TASK OBJECTIVE – In the data below, find the line containing "#64=DIRECTION('',(1.,0.,0.));", then set down that line and every later line up to and including the line containing "#86=ORIENTED_EDGE('',*,*,#40,.T.);", exactly.

(Source data)
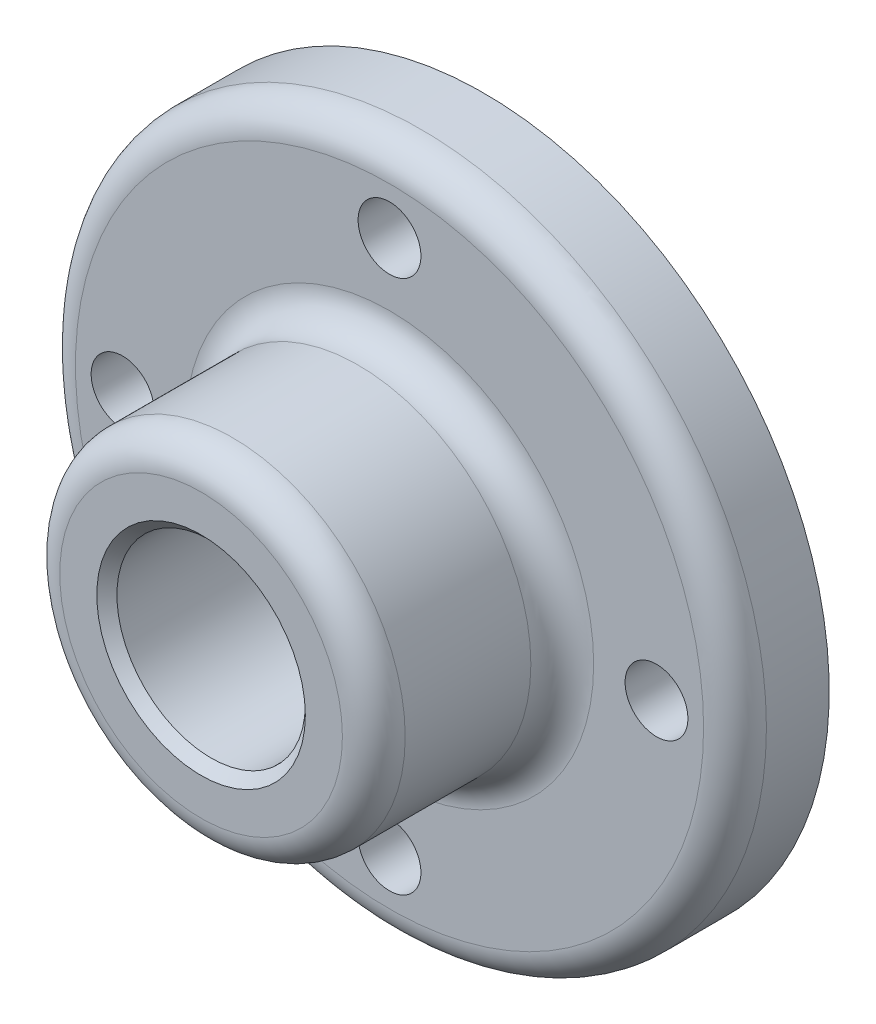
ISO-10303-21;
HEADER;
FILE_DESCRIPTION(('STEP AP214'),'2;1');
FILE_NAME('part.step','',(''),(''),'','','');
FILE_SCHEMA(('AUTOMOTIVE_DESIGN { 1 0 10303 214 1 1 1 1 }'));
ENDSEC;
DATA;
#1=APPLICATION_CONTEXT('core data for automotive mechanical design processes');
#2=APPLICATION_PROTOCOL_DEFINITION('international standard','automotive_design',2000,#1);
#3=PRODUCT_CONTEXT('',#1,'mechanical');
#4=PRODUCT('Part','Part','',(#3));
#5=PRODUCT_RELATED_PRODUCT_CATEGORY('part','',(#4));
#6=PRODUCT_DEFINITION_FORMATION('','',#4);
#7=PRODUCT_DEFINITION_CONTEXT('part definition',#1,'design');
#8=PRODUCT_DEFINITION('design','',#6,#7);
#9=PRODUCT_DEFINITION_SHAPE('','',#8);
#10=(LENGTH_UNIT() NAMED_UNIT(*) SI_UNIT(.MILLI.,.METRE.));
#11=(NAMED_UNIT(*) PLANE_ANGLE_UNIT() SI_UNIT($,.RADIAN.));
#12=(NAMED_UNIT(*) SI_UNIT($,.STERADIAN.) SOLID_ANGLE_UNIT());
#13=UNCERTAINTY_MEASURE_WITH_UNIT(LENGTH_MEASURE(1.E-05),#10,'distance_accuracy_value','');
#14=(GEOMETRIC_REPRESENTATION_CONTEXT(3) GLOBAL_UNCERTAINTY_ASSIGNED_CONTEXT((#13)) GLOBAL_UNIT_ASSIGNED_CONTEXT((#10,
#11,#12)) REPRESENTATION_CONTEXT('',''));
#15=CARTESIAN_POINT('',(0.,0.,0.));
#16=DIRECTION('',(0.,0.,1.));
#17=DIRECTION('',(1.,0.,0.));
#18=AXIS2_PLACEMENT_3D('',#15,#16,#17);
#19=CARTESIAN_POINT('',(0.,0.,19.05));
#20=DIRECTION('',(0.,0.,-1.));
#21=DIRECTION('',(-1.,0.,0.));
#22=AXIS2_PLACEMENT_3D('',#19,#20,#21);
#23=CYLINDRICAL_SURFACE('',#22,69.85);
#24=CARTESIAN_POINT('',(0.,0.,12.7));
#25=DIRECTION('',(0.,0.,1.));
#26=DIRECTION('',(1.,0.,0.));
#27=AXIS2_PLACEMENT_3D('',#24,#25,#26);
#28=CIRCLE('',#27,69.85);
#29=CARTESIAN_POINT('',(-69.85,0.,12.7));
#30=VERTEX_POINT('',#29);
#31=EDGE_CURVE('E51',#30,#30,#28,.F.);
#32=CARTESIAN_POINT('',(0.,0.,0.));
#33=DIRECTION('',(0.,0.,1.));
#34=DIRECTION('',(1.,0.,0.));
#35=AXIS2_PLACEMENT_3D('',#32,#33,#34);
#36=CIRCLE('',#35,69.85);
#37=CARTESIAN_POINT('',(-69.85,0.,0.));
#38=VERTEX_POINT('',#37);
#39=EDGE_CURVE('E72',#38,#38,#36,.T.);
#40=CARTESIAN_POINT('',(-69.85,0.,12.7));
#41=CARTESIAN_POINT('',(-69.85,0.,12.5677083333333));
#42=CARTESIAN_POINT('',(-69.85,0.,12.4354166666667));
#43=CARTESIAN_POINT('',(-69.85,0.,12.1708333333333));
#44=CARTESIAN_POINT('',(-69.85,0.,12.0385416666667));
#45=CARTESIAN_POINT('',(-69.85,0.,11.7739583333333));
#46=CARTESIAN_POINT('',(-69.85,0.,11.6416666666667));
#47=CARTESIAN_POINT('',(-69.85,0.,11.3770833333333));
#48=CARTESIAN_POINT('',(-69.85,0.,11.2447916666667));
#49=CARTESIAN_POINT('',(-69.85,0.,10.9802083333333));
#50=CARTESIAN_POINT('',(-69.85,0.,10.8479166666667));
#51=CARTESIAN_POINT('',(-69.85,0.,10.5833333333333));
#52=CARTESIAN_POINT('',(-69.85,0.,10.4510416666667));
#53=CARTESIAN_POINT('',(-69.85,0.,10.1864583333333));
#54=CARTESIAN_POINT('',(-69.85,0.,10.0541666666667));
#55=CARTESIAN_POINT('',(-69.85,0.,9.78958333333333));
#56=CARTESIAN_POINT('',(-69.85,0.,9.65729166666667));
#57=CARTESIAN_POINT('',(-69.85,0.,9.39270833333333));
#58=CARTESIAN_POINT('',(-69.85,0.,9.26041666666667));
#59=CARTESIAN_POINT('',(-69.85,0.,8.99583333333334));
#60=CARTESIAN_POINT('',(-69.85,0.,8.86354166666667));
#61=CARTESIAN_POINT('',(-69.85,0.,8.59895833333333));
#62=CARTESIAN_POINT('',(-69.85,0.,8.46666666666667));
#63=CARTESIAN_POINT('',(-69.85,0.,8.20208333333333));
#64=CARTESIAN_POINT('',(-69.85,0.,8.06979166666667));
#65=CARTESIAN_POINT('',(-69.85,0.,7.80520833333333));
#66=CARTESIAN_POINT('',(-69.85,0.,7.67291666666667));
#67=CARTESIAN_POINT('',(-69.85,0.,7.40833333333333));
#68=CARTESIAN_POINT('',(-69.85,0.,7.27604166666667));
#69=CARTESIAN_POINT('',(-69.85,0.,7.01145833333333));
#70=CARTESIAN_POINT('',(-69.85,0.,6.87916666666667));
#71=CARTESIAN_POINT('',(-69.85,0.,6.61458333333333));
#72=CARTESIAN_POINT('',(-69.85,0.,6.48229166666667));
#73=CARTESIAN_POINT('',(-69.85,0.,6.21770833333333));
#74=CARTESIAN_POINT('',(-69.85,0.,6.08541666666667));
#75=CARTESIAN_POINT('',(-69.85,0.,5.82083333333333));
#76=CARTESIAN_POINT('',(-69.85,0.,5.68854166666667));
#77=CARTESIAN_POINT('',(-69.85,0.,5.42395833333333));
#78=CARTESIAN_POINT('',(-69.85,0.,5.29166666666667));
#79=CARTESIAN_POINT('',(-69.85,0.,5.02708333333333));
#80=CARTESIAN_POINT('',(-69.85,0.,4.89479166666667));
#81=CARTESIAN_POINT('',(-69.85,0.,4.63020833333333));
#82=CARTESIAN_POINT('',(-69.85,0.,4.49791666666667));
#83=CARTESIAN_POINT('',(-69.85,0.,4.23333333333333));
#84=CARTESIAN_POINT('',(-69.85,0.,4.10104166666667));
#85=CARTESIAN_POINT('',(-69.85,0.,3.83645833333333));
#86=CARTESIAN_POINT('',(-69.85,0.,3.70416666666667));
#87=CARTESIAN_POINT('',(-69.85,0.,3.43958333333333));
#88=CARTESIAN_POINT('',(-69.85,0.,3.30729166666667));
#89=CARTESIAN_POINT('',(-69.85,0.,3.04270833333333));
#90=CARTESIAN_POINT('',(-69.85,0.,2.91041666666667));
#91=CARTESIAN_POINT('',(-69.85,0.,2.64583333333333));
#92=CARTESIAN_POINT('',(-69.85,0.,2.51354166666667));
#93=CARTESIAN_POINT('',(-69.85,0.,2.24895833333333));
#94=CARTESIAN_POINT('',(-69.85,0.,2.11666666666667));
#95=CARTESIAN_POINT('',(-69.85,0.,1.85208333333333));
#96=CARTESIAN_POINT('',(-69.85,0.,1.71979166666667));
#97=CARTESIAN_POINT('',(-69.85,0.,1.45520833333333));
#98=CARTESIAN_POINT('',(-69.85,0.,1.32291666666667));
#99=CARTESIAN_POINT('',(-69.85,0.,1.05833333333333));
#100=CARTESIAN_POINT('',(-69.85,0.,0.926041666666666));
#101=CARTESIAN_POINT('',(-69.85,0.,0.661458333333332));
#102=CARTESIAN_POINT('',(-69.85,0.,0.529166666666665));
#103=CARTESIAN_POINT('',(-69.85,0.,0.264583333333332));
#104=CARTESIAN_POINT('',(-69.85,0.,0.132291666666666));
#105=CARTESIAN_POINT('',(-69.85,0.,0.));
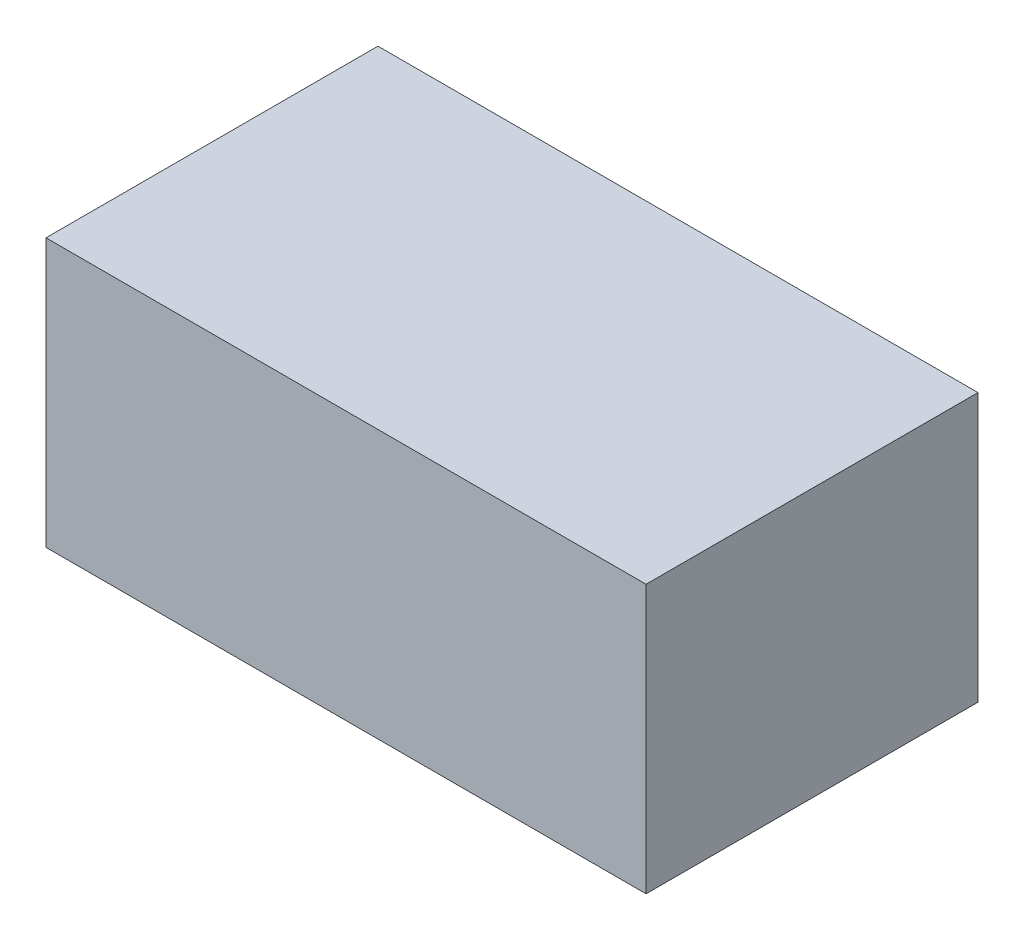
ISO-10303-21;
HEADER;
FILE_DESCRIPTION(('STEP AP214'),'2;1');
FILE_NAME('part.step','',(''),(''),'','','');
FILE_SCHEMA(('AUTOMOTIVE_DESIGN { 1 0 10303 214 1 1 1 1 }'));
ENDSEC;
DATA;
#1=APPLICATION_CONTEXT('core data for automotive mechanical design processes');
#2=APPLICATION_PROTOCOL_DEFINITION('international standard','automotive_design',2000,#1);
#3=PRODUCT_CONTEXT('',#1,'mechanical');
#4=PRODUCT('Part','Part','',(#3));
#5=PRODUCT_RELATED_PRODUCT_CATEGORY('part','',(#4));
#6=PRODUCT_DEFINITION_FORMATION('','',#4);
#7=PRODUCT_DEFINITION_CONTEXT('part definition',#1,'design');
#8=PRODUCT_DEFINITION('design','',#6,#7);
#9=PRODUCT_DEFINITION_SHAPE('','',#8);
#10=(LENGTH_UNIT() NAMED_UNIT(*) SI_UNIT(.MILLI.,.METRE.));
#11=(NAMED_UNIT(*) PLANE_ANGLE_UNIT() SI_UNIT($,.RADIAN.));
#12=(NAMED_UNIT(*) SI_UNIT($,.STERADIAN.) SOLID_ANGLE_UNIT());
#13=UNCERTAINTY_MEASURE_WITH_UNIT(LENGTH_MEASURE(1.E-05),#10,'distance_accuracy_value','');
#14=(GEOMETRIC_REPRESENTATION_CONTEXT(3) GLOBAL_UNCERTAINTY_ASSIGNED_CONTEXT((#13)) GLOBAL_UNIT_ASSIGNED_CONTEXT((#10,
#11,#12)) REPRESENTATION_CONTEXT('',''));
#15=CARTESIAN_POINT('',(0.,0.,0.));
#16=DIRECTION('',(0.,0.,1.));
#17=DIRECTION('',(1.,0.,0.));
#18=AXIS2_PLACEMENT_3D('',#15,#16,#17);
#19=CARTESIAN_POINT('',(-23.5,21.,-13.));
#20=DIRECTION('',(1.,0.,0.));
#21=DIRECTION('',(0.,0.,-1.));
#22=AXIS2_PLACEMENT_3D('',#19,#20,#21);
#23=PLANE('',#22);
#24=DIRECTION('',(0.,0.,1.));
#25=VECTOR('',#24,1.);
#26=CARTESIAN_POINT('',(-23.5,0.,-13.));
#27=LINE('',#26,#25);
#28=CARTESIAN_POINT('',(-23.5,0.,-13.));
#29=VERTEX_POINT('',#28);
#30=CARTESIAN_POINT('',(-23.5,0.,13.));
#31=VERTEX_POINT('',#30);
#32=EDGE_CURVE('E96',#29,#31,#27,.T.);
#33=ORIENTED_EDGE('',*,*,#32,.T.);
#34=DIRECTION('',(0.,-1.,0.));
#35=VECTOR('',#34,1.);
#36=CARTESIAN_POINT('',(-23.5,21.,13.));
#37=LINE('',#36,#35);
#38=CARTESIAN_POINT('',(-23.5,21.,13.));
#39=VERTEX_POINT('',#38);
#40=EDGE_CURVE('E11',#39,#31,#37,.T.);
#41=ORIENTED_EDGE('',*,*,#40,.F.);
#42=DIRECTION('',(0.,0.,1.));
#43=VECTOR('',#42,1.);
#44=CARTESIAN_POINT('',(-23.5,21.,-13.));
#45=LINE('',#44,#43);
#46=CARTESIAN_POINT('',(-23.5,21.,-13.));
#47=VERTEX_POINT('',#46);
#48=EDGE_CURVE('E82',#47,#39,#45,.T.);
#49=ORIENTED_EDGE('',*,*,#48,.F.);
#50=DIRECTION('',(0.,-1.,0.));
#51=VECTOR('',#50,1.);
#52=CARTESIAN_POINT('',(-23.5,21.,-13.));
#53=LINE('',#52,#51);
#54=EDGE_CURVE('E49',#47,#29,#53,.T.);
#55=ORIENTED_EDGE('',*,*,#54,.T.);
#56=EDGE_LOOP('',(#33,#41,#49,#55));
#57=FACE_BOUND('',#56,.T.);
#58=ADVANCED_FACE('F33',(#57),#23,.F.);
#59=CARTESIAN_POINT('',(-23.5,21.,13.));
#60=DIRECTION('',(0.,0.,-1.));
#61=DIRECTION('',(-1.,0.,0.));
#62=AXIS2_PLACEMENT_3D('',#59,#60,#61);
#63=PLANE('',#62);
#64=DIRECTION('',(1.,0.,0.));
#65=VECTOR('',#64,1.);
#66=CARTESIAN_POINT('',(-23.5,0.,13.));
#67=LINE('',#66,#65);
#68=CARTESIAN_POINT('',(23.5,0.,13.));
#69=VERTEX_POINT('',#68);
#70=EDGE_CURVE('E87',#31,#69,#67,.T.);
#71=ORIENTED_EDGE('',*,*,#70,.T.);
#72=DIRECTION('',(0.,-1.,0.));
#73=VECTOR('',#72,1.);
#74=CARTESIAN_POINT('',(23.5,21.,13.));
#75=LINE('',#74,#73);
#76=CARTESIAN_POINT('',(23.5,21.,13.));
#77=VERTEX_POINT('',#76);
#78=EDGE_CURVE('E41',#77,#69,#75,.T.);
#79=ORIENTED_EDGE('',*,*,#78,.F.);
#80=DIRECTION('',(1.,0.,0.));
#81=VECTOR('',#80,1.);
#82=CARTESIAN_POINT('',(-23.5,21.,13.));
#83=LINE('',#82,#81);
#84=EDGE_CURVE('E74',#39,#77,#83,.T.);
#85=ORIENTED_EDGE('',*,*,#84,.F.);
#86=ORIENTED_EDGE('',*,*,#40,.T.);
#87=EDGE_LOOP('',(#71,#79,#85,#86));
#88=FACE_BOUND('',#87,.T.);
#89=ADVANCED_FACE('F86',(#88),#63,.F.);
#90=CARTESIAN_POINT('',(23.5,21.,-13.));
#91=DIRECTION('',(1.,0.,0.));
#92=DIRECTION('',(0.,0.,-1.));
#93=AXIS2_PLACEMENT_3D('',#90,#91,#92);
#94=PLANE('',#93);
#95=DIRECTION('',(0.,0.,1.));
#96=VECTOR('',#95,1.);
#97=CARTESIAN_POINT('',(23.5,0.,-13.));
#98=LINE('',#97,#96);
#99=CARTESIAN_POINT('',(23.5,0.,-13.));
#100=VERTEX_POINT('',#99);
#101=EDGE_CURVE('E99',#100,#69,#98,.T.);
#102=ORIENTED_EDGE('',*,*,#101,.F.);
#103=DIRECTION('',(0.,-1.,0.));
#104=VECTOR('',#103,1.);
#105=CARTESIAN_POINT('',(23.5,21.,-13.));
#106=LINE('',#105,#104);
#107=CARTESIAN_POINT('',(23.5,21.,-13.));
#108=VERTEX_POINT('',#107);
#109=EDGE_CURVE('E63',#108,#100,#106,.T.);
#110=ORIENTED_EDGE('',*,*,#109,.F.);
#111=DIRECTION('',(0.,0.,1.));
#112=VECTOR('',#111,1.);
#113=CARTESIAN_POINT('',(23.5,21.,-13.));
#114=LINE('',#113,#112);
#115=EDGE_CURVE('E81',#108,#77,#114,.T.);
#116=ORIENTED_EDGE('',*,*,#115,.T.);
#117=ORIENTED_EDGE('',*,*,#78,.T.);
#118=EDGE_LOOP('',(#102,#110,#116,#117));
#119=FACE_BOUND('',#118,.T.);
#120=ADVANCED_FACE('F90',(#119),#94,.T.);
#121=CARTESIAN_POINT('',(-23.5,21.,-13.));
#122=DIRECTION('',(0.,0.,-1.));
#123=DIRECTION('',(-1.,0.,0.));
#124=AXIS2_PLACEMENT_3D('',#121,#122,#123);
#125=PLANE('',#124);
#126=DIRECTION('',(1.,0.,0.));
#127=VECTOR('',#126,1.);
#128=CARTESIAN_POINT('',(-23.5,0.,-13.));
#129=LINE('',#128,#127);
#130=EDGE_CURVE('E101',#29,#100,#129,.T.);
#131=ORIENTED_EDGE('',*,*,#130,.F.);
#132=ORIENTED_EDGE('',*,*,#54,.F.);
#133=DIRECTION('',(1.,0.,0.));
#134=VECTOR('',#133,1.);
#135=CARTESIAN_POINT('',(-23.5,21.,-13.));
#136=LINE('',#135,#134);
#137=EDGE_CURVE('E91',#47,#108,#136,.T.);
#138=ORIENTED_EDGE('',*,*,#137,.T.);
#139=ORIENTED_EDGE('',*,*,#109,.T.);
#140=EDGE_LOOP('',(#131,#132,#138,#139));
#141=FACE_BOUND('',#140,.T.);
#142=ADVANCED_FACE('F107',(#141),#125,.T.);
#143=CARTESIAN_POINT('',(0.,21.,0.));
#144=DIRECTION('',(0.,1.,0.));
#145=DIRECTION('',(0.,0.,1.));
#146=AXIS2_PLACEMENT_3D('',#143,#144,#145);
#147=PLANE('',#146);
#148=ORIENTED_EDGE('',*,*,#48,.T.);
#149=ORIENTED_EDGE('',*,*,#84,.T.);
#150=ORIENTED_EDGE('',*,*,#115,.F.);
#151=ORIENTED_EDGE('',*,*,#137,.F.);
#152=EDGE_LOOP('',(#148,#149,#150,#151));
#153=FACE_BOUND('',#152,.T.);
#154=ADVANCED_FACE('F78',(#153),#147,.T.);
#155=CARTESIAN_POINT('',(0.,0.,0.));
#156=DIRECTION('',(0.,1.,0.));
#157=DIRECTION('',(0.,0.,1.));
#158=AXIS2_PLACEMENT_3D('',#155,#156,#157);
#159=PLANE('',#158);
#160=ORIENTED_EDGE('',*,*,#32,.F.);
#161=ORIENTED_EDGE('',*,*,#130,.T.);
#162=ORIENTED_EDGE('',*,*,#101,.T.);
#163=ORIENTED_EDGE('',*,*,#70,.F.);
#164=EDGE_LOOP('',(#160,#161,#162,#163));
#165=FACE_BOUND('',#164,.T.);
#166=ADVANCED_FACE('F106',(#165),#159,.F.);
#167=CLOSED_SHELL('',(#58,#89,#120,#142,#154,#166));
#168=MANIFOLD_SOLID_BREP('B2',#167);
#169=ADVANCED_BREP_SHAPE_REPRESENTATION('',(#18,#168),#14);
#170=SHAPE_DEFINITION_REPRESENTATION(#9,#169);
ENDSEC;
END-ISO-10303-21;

TASK RESULT –
#64=DIRECTION('',(1.,0.,0.));
#65=VECTOR('',#64,1.);
#66=CARTESIAN_POINT('',(-23.5,0.,13.));
#67=LINE('',#66,#65);
#68=CARTESIAN_POINT('',(23.5,0.,13.));
#69=VERTEX_POINT('',#68);
#70=EDGE_CURVE('E87',#31,#69,#67,.T.);
#71=ORIENTED_EDGE('',*,*,#70,.T.);
#72=DIRECTION('',(0.,-1.,0.));
#73=VECTOR('',#72,1.);
#74=CARTESIAN_POINT('',(23.5,21.,13.));
#75=LINE('',#74,#73);
#76=CARTESIAN_POINT('',(23.5,21.,13.));
#77=VERTEX_POINT('',#76);
#78=EDGE_CURVE('E41',#77,#69,#75,.T.);
#79=ORIENTED_EDGE('',*,*,#78,.F.);
#80=DIRECTION('',(1.,0.,0.));
#81=VECTOR('',#80,1.);
#82=CARTESIAN_POINT('',(-23.5,21.,13.));
#83=LINE('',#82,#81);
#84=EDGE_CURVE('E74',#39,#77,#83,.T.);
#85=ORIENTED_EDGE('',*,*,#84,.F.);
#86=ORIENTED_EDGE('',*,*,#40,.T.);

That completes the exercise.